> **Exercise brief**
Exactly the lines from the line containing "#114=VECTOR('',#113,1.);" through the last line of the entries below should appear in the answer, reproduced verbatim.

> **Recorded data**
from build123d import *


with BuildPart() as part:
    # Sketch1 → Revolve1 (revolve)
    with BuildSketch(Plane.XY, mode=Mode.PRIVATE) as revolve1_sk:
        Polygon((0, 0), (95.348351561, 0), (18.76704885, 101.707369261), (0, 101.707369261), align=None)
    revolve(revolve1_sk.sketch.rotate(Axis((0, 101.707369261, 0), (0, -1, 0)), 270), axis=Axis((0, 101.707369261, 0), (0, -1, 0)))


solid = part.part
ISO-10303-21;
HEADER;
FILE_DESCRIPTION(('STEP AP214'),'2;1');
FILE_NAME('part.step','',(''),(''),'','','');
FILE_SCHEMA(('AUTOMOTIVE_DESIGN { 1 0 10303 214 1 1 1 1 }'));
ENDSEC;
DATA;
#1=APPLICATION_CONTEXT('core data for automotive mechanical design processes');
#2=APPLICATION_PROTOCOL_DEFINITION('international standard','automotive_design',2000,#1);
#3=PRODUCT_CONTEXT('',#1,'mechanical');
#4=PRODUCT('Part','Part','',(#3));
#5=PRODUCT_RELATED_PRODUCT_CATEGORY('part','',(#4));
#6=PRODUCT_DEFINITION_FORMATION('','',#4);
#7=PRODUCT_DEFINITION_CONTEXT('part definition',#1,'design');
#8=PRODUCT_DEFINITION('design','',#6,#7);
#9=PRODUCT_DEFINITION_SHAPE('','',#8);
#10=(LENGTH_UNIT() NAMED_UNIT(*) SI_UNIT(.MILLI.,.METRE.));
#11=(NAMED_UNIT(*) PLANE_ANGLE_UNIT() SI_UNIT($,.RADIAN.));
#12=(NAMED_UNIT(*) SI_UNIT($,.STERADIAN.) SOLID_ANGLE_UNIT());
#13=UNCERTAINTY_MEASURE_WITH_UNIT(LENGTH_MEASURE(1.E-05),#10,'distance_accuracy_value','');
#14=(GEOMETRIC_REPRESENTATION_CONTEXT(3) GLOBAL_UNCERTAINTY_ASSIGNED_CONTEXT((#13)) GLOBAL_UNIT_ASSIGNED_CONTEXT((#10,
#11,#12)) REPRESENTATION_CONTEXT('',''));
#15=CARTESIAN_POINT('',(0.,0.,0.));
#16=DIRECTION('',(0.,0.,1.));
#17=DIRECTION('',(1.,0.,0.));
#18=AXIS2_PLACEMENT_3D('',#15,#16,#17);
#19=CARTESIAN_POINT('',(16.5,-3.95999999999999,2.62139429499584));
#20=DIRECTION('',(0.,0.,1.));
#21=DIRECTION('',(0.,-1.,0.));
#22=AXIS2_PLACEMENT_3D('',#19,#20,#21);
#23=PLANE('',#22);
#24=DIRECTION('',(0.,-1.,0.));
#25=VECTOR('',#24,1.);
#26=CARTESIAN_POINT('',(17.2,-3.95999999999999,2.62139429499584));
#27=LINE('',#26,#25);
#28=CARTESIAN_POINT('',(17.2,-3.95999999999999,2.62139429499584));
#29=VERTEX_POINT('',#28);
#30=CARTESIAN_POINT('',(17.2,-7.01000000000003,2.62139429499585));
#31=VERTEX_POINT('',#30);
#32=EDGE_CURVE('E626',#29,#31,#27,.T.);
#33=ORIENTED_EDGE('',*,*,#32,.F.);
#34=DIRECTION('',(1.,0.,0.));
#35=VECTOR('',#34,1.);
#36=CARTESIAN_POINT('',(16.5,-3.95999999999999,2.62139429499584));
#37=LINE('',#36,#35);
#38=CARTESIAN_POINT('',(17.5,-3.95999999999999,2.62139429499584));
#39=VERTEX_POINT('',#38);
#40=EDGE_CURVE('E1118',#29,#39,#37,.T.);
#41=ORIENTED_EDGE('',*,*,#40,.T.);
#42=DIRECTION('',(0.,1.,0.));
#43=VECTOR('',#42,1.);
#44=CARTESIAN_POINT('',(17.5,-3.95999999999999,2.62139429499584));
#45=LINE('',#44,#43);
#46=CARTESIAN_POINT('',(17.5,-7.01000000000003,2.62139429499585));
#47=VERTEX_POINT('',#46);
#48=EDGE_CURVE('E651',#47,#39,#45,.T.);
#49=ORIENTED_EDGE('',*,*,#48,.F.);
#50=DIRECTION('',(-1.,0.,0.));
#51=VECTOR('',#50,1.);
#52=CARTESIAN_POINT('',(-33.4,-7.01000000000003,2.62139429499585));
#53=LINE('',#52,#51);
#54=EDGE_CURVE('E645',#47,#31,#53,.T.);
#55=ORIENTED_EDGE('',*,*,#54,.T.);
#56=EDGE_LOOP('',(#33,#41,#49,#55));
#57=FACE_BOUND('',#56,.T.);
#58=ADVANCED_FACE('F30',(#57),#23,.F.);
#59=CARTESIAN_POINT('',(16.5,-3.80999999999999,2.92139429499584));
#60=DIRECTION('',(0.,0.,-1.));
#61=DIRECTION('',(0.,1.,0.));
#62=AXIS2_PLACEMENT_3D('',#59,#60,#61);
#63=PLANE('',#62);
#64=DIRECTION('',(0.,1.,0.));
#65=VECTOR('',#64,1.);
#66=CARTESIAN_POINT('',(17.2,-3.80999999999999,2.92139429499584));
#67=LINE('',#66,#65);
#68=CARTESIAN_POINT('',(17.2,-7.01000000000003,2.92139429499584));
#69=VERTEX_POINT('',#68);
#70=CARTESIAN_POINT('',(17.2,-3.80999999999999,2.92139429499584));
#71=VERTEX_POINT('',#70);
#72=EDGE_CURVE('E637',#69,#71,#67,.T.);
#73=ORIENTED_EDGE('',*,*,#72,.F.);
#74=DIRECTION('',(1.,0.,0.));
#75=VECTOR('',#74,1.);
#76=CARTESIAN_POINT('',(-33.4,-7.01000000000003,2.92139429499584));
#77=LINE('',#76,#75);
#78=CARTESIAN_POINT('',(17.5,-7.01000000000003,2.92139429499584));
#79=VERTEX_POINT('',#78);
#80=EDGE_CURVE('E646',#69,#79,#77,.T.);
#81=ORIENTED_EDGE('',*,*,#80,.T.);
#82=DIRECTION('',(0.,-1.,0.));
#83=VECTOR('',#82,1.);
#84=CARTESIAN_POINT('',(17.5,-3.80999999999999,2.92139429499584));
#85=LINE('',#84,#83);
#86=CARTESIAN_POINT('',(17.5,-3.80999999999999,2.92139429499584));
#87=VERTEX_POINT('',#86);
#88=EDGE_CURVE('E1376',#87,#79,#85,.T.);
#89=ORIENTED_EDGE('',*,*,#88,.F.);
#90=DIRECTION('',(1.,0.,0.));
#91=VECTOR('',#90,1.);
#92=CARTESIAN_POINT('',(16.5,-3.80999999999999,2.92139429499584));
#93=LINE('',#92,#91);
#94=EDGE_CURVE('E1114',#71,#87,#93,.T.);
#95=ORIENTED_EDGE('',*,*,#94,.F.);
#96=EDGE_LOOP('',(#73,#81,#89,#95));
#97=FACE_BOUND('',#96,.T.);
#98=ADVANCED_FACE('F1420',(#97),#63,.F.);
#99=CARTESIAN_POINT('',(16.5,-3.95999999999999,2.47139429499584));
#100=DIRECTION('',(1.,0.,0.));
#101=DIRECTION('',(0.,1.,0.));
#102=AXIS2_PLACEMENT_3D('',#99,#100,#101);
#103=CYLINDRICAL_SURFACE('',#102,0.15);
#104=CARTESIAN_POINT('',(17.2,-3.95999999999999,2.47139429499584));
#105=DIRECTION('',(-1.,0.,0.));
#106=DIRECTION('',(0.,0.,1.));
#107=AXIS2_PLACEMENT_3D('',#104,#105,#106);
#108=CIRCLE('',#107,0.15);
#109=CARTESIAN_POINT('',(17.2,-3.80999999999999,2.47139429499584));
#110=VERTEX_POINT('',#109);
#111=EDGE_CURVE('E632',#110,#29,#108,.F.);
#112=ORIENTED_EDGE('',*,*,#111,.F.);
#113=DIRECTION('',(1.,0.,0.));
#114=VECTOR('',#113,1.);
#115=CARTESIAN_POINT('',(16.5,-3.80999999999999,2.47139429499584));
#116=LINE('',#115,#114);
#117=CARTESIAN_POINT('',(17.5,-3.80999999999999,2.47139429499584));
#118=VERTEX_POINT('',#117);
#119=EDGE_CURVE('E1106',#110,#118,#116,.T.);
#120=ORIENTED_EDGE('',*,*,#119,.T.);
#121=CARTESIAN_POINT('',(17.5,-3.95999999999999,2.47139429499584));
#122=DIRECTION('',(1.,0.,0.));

> **Solution for this problem**
#114=VECTOR('',#113,1.);
#115=CARTESIAN_POINT('',(16.5,-3.80999999999999,2.47139429499584));
#116=LINE('',#115,#114);
#117=CARTESIAN_POINT('',(17.5,-3.80999999999999,2.47139429499584));
#118=VERTEX_POINT('',#117);
#119=EDGE_CURVE('E1106',#110,#118,#116,.T.);
#120=ORIENTED_EDGE('',*,*,#119,.T.);
#121=CARTESIAN_POINT('',(17.5,-3.95999999999999,2.47139429499584));
#122=DIRECTION('',(1.,0.,0.));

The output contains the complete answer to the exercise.